# Log skidding,Never done it,  tips, and advice



## HDRock (Dec 16, 2012)

Until I got on this forum ,I didn't even know what skidding was, but now I need to drag some stuff out into the open to cut n load, split at home ,elect splitter.
I don't plan on buying a bunch of stuff to do it,   except,   I'm going to see. a guy tomorrow with used chain and cable, at a very good price,I have 100ft of big fat rope, and a jeep.

 Any thing U can think of I should know ,Does,Don'ts, what ever


----------



## Kenster (Dec 16, 2012)

Can you build a sled out of two by fours?  Drag that with your jeep.   It would keep your logs out of the mud and dirt.   Some of the members here have built them and use them with tractors or  ATVs.


----------



## HDRock (Dec 16, 2012)

Kenster said:


> Can you build a sled out of two by fours? Drag that with your jeep. It would keep your logs out of the mud and dirt. Some of the members here have built them and use them with tractors or ATVs.


 
Hmmm, something like these pallets, but don't know if it would be worth the effort cuz trees are already on the ground


----------



## Backwoods Savage (Dec 16, 2012)

First off I don't like dragging logs on the ground because it gets dirt in the bark which will really dull your chain fast. Also, the logs drag easier using a dray or sled. I built this dray using nothing but scrap lumber. The two landscape timbers were 2 that I picked up from a neighbor who said, "Take them." I did buy some bolts and the total cost was less than $10. Skidding with this is super easy. You probably notice I put eyebolts on both sides so we can use a ratchet strap to tie down the logs. Using this dray I never had to use 4wd even going through some mud and even on the uphill grades. Loading it is easy. Many times you can just lift one end of a log and put it on then lift the other end. If you have a bad back like me, it is even simplier to just use a cant hook for loading.

If you do have to drag some out to the dray, then a small chain with a grab hook on one end and a slip hook on the other works great.


----------



## HDRock (Dec 16, 2012)

Well   The pallets are like a ready made sled, flip it over trim and lighten it up, shape the front of skids, and if you look close U can see the bolts are already in there.

I was thinking, cuz the trees are on the ground, there will be dirt stuck to bottom and , while bucking, maybe I could cut part way through the top , roll the log , wire brush dirt off where cut will be and finish cut.
Do ya think it's worth the effort ????


----------



## Backwoods Savage (Dec 16, 2012)

Sorry, I should have got a picture of the front of the dray. The front of those landscape timbers are slanted and if you use your pallet idea you will want to do the same thing to keep them from digging into the ground. 
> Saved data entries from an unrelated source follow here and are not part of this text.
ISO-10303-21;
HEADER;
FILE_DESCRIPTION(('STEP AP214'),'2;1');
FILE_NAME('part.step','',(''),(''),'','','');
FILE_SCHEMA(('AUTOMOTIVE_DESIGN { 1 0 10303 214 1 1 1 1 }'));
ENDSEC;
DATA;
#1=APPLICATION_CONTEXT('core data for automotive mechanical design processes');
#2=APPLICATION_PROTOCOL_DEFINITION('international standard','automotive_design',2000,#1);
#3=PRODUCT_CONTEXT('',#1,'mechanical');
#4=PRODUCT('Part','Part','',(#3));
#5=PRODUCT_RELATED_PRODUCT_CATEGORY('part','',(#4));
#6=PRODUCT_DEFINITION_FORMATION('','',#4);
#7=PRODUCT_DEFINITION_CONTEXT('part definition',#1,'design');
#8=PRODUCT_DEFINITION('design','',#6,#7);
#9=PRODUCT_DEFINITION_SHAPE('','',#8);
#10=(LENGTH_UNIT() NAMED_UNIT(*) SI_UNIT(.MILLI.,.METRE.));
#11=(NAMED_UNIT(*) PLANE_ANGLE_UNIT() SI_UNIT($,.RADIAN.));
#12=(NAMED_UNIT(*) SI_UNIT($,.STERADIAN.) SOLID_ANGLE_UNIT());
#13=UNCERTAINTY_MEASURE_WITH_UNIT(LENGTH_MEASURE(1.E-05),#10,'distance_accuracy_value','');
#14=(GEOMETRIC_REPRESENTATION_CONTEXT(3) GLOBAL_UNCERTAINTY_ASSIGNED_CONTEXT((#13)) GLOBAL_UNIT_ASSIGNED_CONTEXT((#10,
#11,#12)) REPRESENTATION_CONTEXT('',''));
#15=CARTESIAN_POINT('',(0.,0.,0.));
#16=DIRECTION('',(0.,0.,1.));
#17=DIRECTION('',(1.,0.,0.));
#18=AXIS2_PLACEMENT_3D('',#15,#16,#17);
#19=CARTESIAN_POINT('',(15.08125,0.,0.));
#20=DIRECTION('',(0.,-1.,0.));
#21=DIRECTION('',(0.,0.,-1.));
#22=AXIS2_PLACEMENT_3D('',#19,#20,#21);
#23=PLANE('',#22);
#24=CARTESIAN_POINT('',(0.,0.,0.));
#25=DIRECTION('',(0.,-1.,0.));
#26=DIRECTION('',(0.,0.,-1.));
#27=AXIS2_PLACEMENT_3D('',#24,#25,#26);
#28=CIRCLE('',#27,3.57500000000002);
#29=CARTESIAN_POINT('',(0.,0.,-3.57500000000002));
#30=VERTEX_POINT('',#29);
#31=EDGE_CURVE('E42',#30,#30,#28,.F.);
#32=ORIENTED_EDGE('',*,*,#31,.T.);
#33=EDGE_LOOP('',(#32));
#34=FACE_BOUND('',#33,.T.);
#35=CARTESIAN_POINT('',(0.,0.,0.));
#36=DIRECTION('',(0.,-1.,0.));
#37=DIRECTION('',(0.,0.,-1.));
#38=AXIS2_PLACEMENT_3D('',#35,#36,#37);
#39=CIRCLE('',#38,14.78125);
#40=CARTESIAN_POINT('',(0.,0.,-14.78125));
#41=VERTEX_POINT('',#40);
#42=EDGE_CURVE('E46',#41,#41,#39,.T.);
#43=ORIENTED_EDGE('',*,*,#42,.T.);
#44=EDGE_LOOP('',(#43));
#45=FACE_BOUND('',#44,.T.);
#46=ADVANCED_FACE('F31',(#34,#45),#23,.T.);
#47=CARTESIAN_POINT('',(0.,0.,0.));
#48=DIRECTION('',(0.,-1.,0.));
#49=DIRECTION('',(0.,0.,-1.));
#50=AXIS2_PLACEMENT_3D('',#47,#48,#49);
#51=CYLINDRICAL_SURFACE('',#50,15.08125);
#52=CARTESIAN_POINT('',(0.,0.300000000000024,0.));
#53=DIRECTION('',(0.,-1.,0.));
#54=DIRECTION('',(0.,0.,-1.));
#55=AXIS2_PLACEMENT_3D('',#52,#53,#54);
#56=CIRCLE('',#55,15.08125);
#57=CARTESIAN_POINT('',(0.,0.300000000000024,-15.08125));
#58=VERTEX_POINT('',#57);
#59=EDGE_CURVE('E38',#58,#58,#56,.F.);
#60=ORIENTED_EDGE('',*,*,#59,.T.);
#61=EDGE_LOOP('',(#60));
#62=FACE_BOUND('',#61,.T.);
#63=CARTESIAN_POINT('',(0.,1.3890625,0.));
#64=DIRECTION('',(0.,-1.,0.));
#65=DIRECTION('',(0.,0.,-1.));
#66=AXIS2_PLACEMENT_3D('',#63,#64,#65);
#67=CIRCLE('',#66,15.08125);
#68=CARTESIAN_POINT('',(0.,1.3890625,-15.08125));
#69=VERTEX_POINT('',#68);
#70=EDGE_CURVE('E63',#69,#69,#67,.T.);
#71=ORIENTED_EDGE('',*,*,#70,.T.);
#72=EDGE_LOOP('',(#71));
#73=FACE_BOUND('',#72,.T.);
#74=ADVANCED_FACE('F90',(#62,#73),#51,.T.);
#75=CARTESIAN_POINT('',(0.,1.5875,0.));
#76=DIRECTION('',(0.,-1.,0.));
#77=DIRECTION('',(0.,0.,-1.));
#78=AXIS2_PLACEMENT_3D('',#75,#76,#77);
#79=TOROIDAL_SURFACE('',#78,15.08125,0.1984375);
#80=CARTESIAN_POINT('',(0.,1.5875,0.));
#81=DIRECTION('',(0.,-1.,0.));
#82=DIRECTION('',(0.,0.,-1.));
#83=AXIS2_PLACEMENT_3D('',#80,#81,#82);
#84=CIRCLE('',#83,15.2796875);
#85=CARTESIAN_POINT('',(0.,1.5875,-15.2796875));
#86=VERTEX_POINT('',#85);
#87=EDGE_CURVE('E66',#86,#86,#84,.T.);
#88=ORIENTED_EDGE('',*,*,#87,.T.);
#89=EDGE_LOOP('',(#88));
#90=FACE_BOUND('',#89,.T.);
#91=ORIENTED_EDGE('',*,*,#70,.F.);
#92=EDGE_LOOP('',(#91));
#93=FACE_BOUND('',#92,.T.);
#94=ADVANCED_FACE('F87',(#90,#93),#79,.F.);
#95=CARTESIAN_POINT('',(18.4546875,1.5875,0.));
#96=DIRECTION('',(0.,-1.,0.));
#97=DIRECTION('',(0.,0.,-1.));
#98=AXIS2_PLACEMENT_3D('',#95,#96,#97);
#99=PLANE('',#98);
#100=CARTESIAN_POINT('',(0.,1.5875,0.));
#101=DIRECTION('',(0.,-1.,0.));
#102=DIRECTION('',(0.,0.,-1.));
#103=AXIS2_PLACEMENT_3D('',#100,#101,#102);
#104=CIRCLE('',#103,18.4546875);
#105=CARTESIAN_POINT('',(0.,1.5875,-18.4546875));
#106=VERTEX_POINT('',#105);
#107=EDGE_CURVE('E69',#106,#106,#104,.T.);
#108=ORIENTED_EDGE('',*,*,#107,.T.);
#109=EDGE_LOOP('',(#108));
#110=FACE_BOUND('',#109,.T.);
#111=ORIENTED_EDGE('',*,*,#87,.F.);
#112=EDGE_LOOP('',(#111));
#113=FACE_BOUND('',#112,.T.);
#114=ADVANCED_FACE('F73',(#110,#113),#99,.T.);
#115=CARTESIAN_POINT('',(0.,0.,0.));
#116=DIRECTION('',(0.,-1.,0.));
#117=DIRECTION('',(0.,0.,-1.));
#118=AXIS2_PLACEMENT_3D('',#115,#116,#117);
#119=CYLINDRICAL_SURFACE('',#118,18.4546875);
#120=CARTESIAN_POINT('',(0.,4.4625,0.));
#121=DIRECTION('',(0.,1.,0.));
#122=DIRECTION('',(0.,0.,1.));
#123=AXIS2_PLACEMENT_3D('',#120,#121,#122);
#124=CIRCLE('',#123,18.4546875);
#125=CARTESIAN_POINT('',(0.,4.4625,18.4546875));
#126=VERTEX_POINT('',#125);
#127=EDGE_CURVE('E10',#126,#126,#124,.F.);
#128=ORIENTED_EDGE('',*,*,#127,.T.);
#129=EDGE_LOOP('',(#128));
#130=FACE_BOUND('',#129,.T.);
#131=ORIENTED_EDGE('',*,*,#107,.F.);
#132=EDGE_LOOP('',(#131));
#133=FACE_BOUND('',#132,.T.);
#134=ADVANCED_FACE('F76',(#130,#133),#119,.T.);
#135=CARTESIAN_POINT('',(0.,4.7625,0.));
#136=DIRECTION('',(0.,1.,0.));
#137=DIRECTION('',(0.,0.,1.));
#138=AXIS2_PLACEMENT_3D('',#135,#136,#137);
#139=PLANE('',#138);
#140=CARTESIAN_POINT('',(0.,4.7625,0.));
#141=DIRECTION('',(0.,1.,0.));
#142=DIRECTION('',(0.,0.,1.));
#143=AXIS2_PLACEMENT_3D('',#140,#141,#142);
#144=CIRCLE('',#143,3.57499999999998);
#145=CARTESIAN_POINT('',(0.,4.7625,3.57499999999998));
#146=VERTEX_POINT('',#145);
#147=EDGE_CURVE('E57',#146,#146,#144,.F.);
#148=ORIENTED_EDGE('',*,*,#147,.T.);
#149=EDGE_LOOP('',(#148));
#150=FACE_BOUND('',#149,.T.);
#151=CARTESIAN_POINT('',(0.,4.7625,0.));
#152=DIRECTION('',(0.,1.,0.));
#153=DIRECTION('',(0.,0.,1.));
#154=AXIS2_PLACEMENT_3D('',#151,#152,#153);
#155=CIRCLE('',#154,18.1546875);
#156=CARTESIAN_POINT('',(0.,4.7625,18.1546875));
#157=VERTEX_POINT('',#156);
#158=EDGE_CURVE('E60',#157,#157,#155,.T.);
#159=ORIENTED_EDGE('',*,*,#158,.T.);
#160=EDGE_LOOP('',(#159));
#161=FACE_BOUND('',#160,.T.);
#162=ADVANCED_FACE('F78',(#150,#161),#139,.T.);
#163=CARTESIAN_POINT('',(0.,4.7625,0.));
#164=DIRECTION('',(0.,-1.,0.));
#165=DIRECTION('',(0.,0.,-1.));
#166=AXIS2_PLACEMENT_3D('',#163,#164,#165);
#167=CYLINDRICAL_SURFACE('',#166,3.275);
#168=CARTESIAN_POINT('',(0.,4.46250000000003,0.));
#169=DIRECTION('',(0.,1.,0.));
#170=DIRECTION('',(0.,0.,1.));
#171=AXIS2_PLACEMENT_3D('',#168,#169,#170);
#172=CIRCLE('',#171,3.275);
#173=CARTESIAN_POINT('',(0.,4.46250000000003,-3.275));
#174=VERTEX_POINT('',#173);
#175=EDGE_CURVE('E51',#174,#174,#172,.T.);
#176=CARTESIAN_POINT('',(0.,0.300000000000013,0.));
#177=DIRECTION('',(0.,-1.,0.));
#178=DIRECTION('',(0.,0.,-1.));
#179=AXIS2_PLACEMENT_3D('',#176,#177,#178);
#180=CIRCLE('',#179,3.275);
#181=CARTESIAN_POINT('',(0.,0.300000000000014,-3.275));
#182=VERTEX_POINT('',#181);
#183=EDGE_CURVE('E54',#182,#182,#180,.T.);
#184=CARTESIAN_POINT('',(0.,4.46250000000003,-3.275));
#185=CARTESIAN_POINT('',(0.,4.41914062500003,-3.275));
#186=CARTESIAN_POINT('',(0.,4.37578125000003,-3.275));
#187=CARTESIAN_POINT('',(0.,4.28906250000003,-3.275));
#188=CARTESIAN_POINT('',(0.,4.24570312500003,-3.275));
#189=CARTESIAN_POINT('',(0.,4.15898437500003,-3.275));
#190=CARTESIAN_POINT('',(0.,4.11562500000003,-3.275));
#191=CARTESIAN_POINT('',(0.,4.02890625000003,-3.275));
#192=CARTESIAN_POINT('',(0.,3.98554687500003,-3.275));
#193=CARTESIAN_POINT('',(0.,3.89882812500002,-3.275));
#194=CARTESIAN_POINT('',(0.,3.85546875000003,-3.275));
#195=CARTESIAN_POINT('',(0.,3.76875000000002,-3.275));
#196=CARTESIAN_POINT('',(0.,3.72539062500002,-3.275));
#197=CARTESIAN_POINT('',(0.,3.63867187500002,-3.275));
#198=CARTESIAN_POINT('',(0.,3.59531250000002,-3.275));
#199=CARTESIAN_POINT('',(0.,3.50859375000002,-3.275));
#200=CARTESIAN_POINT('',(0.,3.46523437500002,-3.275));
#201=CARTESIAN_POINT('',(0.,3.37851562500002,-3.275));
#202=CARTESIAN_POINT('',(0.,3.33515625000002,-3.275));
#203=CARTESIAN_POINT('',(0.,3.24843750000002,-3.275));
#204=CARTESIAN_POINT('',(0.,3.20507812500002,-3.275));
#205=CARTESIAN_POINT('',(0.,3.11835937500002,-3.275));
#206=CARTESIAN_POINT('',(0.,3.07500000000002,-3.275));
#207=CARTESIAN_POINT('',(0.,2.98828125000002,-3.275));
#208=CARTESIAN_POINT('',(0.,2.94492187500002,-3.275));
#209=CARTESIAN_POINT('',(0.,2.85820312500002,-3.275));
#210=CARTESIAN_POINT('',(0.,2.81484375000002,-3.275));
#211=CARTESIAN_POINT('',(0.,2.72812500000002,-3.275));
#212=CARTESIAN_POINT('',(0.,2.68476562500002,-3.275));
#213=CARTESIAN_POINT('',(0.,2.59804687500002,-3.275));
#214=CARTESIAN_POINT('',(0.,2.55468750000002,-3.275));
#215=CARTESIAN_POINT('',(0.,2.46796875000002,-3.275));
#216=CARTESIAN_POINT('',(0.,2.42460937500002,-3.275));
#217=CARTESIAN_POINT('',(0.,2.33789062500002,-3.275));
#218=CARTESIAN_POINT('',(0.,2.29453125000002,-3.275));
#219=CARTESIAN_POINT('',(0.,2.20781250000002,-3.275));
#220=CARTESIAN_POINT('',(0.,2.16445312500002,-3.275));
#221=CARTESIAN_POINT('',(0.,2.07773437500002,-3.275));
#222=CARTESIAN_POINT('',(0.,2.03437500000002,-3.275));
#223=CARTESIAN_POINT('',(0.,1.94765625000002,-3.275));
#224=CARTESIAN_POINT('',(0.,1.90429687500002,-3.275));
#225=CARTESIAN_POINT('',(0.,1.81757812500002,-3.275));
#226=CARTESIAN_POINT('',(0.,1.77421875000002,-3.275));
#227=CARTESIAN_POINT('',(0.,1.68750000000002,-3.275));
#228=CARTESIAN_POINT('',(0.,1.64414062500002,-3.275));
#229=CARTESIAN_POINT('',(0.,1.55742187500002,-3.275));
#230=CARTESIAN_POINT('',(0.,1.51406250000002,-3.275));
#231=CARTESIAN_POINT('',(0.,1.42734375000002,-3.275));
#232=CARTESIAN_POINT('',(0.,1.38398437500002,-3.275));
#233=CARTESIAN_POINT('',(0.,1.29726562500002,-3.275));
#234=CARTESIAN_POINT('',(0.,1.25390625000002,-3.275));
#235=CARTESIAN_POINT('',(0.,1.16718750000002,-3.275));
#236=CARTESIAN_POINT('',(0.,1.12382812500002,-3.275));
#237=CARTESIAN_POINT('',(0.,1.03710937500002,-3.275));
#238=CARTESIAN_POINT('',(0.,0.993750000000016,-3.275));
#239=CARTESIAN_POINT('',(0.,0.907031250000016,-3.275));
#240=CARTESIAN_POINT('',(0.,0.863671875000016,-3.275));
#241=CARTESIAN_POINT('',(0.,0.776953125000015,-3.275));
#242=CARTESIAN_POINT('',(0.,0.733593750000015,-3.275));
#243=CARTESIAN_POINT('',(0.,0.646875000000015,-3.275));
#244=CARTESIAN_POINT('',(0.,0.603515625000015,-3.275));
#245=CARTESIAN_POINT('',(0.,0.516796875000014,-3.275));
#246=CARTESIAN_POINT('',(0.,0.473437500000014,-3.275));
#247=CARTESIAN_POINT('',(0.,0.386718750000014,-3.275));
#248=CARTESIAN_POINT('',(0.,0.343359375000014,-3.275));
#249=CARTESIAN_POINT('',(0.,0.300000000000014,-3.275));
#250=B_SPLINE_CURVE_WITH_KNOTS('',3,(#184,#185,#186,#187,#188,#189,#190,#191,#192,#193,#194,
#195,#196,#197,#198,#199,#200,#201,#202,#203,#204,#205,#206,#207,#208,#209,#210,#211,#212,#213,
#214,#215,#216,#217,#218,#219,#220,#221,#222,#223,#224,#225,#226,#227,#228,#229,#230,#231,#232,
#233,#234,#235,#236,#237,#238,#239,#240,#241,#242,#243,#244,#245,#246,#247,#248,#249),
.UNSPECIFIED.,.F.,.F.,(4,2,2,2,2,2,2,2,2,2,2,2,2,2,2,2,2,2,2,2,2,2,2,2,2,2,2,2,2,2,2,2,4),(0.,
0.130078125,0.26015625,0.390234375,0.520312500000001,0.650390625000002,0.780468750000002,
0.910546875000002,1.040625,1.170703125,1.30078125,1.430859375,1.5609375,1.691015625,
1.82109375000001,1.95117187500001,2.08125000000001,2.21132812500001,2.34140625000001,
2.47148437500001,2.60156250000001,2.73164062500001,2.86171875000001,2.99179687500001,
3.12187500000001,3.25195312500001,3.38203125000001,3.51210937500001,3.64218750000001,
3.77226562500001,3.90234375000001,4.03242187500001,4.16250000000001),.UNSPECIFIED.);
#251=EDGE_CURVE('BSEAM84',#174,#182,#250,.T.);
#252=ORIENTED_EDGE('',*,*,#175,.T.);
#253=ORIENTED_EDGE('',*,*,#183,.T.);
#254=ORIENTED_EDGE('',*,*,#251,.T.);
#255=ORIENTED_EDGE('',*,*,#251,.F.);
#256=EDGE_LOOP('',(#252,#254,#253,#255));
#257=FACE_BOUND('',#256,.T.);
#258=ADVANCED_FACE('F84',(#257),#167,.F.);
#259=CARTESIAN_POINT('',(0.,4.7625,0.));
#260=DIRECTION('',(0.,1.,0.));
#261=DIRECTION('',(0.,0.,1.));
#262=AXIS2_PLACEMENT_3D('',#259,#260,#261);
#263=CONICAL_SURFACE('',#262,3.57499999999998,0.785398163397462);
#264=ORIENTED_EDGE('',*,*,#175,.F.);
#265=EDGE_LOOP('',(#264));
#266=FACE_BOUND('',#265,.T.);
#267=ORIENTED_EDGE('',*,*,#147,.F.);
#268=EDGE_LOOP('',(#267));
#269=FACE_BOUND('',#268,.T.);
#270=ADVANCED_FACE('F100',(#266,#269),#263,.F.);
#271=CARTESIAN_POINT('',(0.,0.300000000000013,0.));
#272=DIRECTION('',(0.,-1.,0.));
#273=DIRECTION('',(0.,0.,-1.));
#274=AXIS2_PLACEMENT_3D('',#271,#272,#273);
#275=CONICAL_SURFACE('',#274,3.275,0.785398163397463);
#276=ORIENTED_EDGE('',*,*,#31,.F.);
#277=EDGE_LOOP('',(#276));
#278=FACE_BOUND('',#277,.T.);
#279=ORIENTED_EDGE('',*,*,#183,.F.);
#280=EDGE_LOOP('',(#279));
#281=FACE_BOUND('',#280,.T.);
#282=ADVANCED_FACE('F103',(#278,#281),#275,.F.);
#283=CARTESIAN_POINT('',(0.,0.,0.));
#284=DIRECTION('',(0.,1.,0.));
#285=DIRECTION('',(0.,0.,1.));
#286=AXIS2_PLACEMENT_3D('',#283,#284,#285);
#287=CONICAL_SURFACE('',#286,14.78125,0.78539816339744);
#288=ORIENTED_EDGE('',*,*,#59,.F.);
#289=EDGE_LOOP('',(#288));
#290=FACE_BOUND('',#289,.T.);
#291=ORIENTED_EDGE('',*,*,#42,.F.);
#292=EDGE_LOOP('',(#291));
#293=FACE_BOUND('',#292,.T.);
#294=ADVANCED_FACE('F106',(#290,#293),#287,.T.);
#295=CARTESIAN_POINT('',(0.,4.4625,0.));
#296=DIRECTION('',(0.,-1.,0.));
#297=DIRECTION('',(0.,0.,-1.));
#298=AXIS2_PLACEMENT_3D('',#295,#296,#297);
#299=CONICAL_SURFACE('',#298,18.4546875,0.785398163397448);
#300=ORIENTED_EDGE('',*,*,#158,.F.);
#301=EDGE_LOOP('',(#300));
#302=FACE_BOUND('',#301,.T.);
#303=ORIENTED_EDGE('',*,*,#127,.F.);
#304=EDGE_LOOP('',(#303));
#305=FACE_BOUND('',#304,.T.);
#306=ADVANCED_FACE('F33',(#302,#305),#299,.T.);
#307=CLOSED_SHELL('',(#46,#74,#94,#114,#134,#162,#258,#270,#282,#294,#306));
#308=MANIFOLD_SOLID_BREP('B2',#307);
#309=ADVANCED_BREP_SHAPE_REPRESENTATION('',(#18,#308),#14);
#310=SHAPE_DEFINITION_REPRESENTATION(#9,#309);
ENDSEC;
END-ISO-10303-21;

What you are describing with the cut and roll is exactly what we were doing this past week with some old white oak. When it is old like that, usually it is quite easy to use an axe to chop it off as the bark will tend to be pretty loose and punky. So just scrape off where you need to cut and all is well.


----------



## oldogy (Dec 16, 2012)

A short hitch around the log tends to lift the log, reduces the amount the leading edge of the log will plow into the ground, get hooked up on a stump or root. And if pulling with a tractor be aware that if the log gets hung up on an object the tractor can "walk the ring gear" and flip backwards.


----------



## HDRock (Dec 16, 2012)

Backwoods Savage said:


> Sorry, I should have got a picture of the front of the dray. The front of those landscape timbers are slanted and if you use your pallet idea you will want to do the same thing to keep them from digging into the ground.
> 
> What you are describing with the cut and roll is exactly what we were doing this past week with some old white oak. When it is old like that, usually it is quite easy to use an axe to chop it off as the bark will tend to be pretty loose and punky. So just scrape off where you need to cut and all is well.


 
That's what I meant by shaping the front, like the front of sled runners, cut a 45 or so on em
Geez   I didn't even think of knocking the bark off, with a hatchet or axe to make the cut, and ya the bark is loose
 8ft log  5 cuts, roll log, knock off bark , finish

I was tuning my saw couple days ago ,on the ground got it in the dirt very briefly , had to clean (used brake cleaner) and blow off,saw,bar and chain, re grease, what a mess


----------



## bogydave (Dec 16, 2012)

Sometimes I use a pulley chained up high & pull the logs with the truck right to the trailer.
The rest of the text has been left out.